**WHAT YOU ARE ASKED TO DO:**
Go line by line through the records below. Copy whichever lines contain the string "units".

(Beginning of MATERIALS PROVIDED)

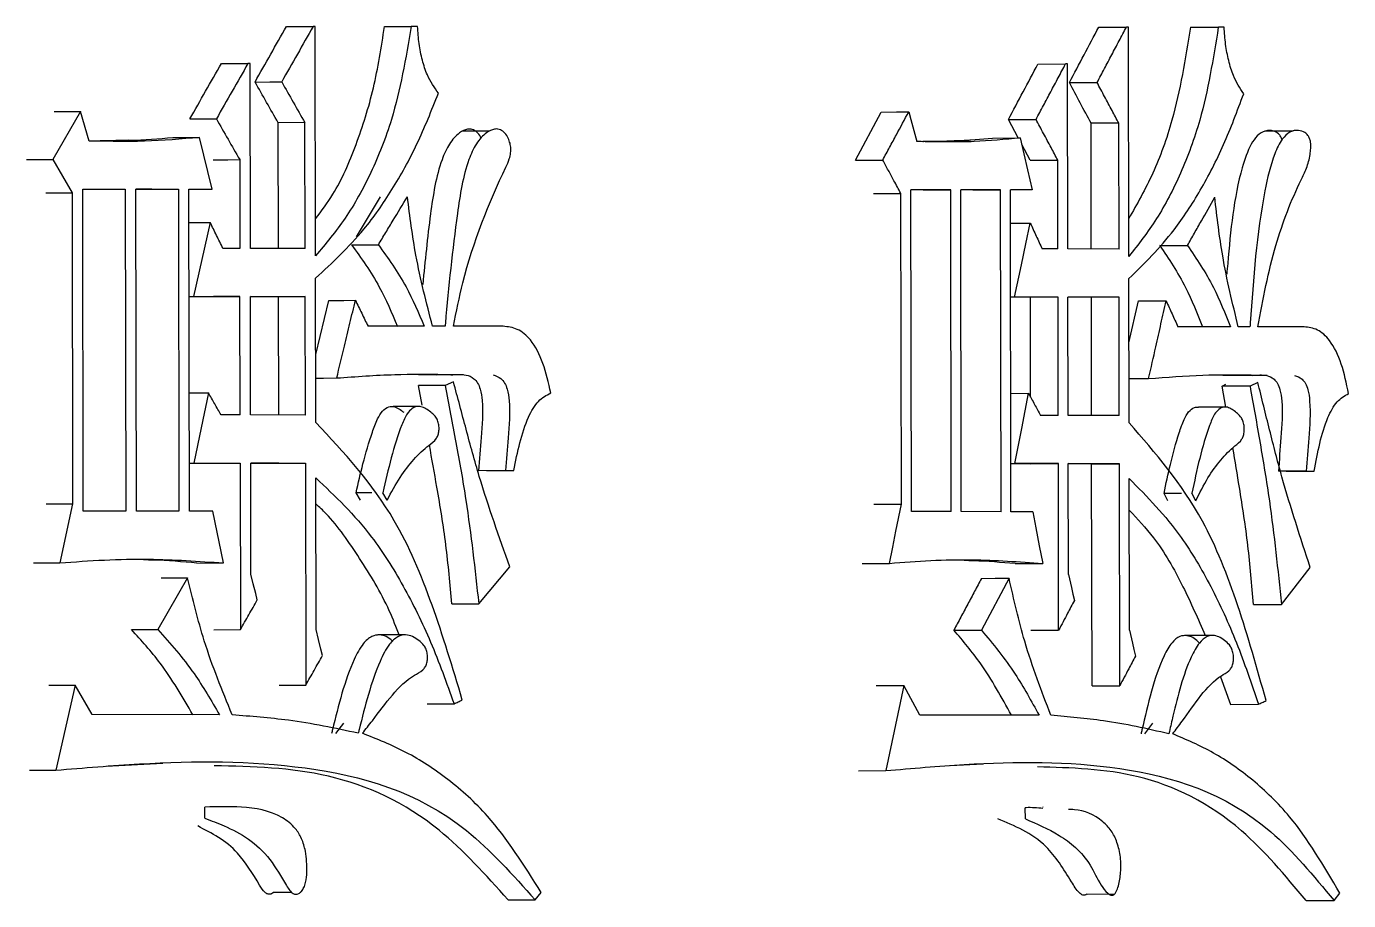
# Model space of a CAD drawing. Header units: millimetres. Extents: x 2384 to 4064, y 886 to 2074.
# Drawn here: x 2988.228 to 2992.094, y 1068.043 to 1070.599 of the extents above; entities that cross this region are included whole.
import ezdxf

# ---------------------------------------------------------------- set-up
doc = ezdxf.new("R2010")
doc.units = ezdxf.units.MM

msp = doc.modelspace()

# ---------------------------------------------------------------- linework, layer by layer
at = {"color": 7, "linetype": 'Continuous', "lineweight": 25}
for p, q in [((2988.9885, 1070.5983), (2989.0664, 1070.5985)), ((2989.0725, 1070.5985), (2989.0664, 1070.5985)), ((2989.0737, 1069.9279), (2989.0725, 1070.5985)), ((2989.2753, 1070.5981), (2989.3536, 1070.5984)), ((2989.3719, 1070.5984), (2989.3536, 1070.5984)), ((2991.3635, 1070.5966), (2991.4445, 1070.5969)), ((2991.4503, 1070.5969), (2991.4445, 1070.5969)), ((2991.4514, 1069.9262), (2991.4503, 1070.5969)), ((2991.6317, 1070.5964), (2991.713, 1070.5966)), ((2991.7301, 1070.5966), (2991.7131, 1070.5966)), ((2988.7983, 1070.4902), (2988.876, 1070.4905)), ((2988.8821, 1070.4905), (2988.876, 1070.4905)), ((2988.8831, 1069.9496), (2988.8821, 1070.4905)), ((2991.1856, 1070.4886), (2991.2664, 1070.4888)), ((2991.2722, 1070.4888), (2991.2664, 1070.4888)), ((2991.2731, 1069.948), (2991.2722, 1070.4888)), ((2991.2777, 1070.4344), (2991.3587, 1070.4347)), ((2988.3863, 1070.3501), (2988.3053, 1070.2095)), ((2988.4114, 1070.2636), (2988.3863, 1070.3501)), ((2990.6519, 1070.2078), (2990.7276, 1070.3483)), ((2991.0993, 1070.3264), (2991.18, 1070.3267)), ((2991.1282, 1070.2726), (2991.0993, 1070.3264)), ((2989.0423, 1070.3173), (2988.9644, 1070.3171)), ((2988.965, 1069.9493), (2988.9644, 1070.3171)), ((2989.043, 1069.9495), (2989.0423, 1070.3173)), ((2989.5817, 1070.2925), (2989.5026, 1070.2922)), ((2991.4221, 1070.3156), (2991.3411, 1070.3154)), ((2991.3417, 1069.9476), (2991.3411, 1070.3154)), ((2991.4227, 1069.9479), (2991.4221, 1070.3156)), ((2991.9315, 1070.2928), (2991.8492, 1070.2926)), ((2988.7717, 1070.1227), (2988.7343, 1070.2742)), ((2990.9891, 1070.267), (2991.0532, 1070.2724)), ((2991.0532, 1070.2724), (2991.1338, 1070.2726)), ((2991.163, 1070.2074), (2991.1382, 1070.2539)), ((2988.3053, 1070.2095), (2988.3617, 1070.1121)), ((2988.8518, 1070.2092), (2988.8522, 1069.9496)), ((2990.6519, 1070.2078), (2990.732, 1070.208)), ((2991.2442, 1069.948), (2991.2438, 1070.2076)), ((2988.3617, 1070.1121), (2988.3632, 1069.2035)), ((2988.3929, 1070.123), (2988.5175, 1070.1229)), ((2988.3945, 1069.1818), (2988.3929, 1070.123)), ((2988.4403, 1070.1226), (2988.5175, 1070.1229)), ((2988.5175, 1070.1229), (2988.5191, 1069.1818)), ((2988.5486, 1070.1229), (2988.6727, 1070.1228)), ((2988.5502, 1069.1818), (2988.5486, 1070.1229)), ((2988.5952, 1070.1226), (2988.5486, 1070.1226)), ((2988.5952, 1070.1226), (2988.6727, 1070.1228)), ((2988.6727, 1070.1228), (2988.6743, 1069.1817)), ((2988.7036, 1070.1228), (2988.7717, 1070.1227)), ((2988.7052, 1069.1817), (2988.7036, 1070.1228)), ((2988.7036, 1070.1225), (2988.7717, 1070.1227)), ((2989.1935, 1069.984), (2989.264, 1070.1005)), ((2990.7864, 1069.202), (2990.7848, 1070.1106)), ((2990.9308, 1070.1213), (2990.8141, 1070.1214)), ((2990.8156, 1069.1803), (2990.8141, 1070.1214)), ((2990.8504, 1070.1211), (2990.8141, 1070.1211)), ((2990.8504, 1070.1211), (2990.9308, 1070.1213)), ((2990.9324, 1069.1802), (2990.9308, 1070.1213)), ((2991.0761, 1070.1212), (2990.9599, 1070.1213)), ((2990.9615, 1069.1802), (2990.9599, 1070.1213)), ((2990.9956, 1070.121), (2990.9599, 1070.121)), ((2990.9956, 1070.121), (2991.0761, 1070.1212)), ((2991.0777, 1069.1801), (2991.0761, 1070.1212)), ((2991.1688, 1070.1211), (2991.1051, 1070.1212)), ((2991.1067, 1069.1801), (2991.1051, 1070.1212)), ((2991.1688, 1070.1211), (2991.1051, 1070.1209)), ((2991.1053, 1070.0236), (2991.1632, 1070.0238)), ((2988.8522, 1069.9496), (2988.8029, 1069.9497)), ((2989.043, 1069.9495), (2988.8831, 1069.9496)), ((2989.179, 1069.9599), (2989.2572, 1069.9602)), ((2991.2442, 1069.948), (2991.198, 1069.948)), ((2991.4227, 1069.9479), (2991.2731, 1069.948)), ((2991.5417, 1069.9583), (2991.5425, 1069.9596)), ((2991.5417, 1069.9582), (2991.623, 1069.9585)), ((2989.0745, 1069.4411), (2989.0738, 1069.863)), ((2991.4522, 1069.4394), (2991.4515, 1069.8613)), ((2988.7042, 1069.809), (2988.7165, 1069.8091)), ((2988.7165, 1069.8091), (2988.8525, 1069.809)), ((2988.8525, 1069.809), (2988.7748, 1069.8088)), ((2988.8531, 1069.4628), (2988.8525, 1069.809)), ((2988.8833, 1069.809), (2989.0432, 1069.8089)), ((2988.8839, 1069.4628), (2988.8833, 1069.809)), ((2988.9653, 1069.8086), (2988.8833, 1069.8087)), ((2989.0432, 1069.8089), (2988.9653, 1069.8086)), ((2988.9659, 1069.4625), (2988.9653, 1069.8086)), ((2989.0438, 1069.4627), (2989.0432, 1069.8089)), ((2989.0742, 1069.6398), (2989.1121, 1069.7977)), ((2991.1172, 1069.8075), (2991.1057, 1069.8074)), ((2991.1637, 1069.8071), (2991.1057, 1069.8072)), ((2991.2445, 1069.8074), (2991.1172, 1069.8075)), ((2991.2445, 1069.8074), (2991.1637, 1069.8071)), ((2991.1642, 1069.5151), (2991.1637, 1069.8071)), ((2991.2451, 1069.4612), (2991.2445, 1069.8074)), ((2991.4229, 1069.8072), (2991.2733, 1069.8073)), ((2991.2739, 1069.4612), (2991.2733, 1069.8073)), ((2991.3419, 1069.807), (2991.2733, 1069.807)), ((2991.4229, 1069.8072), (2991.3419, 1069.807)), ((2991.3425, 1069.4608), (2991.3419, 1069.807)), ((2991.4235, 1069.4611), (2991.4229, 1069.8072)), ((2991.4518, 1069.6741), (2991.4792, 1069.796)), ((2989.3916, 1069.7221), (2989.227, 1069.7222)), ((2989.4524, 1069.7221), (2989.4159, 1069.7221)), ((2989.622, 1069.722), (2989.4767, 1069.7221)), ((2991.7486, 1069.7204), (2991.5948, 1069.7205)), ((2991.8055, 1069.7204), (2991.7714, 1069.7204)), ((2991.9639, 1069.7202), (2991.8283, 1069.7203)), ((2989.4527, 1069.549), (2989.3742, 1069.5488)), ((2989.3851, 1069.491), (2989.3742, 1069.5488)), ((2989.3747, 1069.5812), (2989.4279, 1069.5806)), ((2989.428, 1069.581), (2989.4805, 1069.5812)), ((2989.4769, 1069.5598), (2989.4527, 1069.549)), ((2991.7242, 1069.547), (2991.7354, 1069.5524)), ((2991.7258, 1069.5795), (2991.7742, 1069.5789)), ((2991.7742, 1069.5792), (2991.8317, 1069.5794)), ((2991.8284, 1069.5581), (2991.8057, 1069.5473)), ((2991.1061, 1069.526), (2991.1583, 1069.5262)), ((2991.8057, 1069.5473), (2991.7242, 1069.547)), ((2991.7349, 1069.486), (2991.7242, 1069.547)), ((2989.3793, 1069.4878), (2989.3005, 1069.4875)), ((2991.7372, 1069.486), (2991.6553, 1069.4858)), ((2988.8531, 1069.4628), (2988.7975, 1069.4629)), ((2989.0438, 1069.4627), (2988.8839, 1069.4628)), ((2991.2451, 1069.4612), (2991.1931, 1069.4613)), ((2991.4235, 1069.4611), (2991.2739, 1069.4612)), ((2988.705, 1069.3223), (2988.7174, 1069.3223)), ((2988.7174, 1069.3223), (2988.8533, 1069.3222)), ((2988.7756, 1069.322), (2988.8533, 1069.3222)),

(End of MATERIALS PROVIDED)

**SOLUTION FOR THIS TASK:**
# Model space of a CAD drawing. Header units: millimetres. Extents: x 2384 to 4064, y 886 to 2074.
doc.units = ezdxf.units.MM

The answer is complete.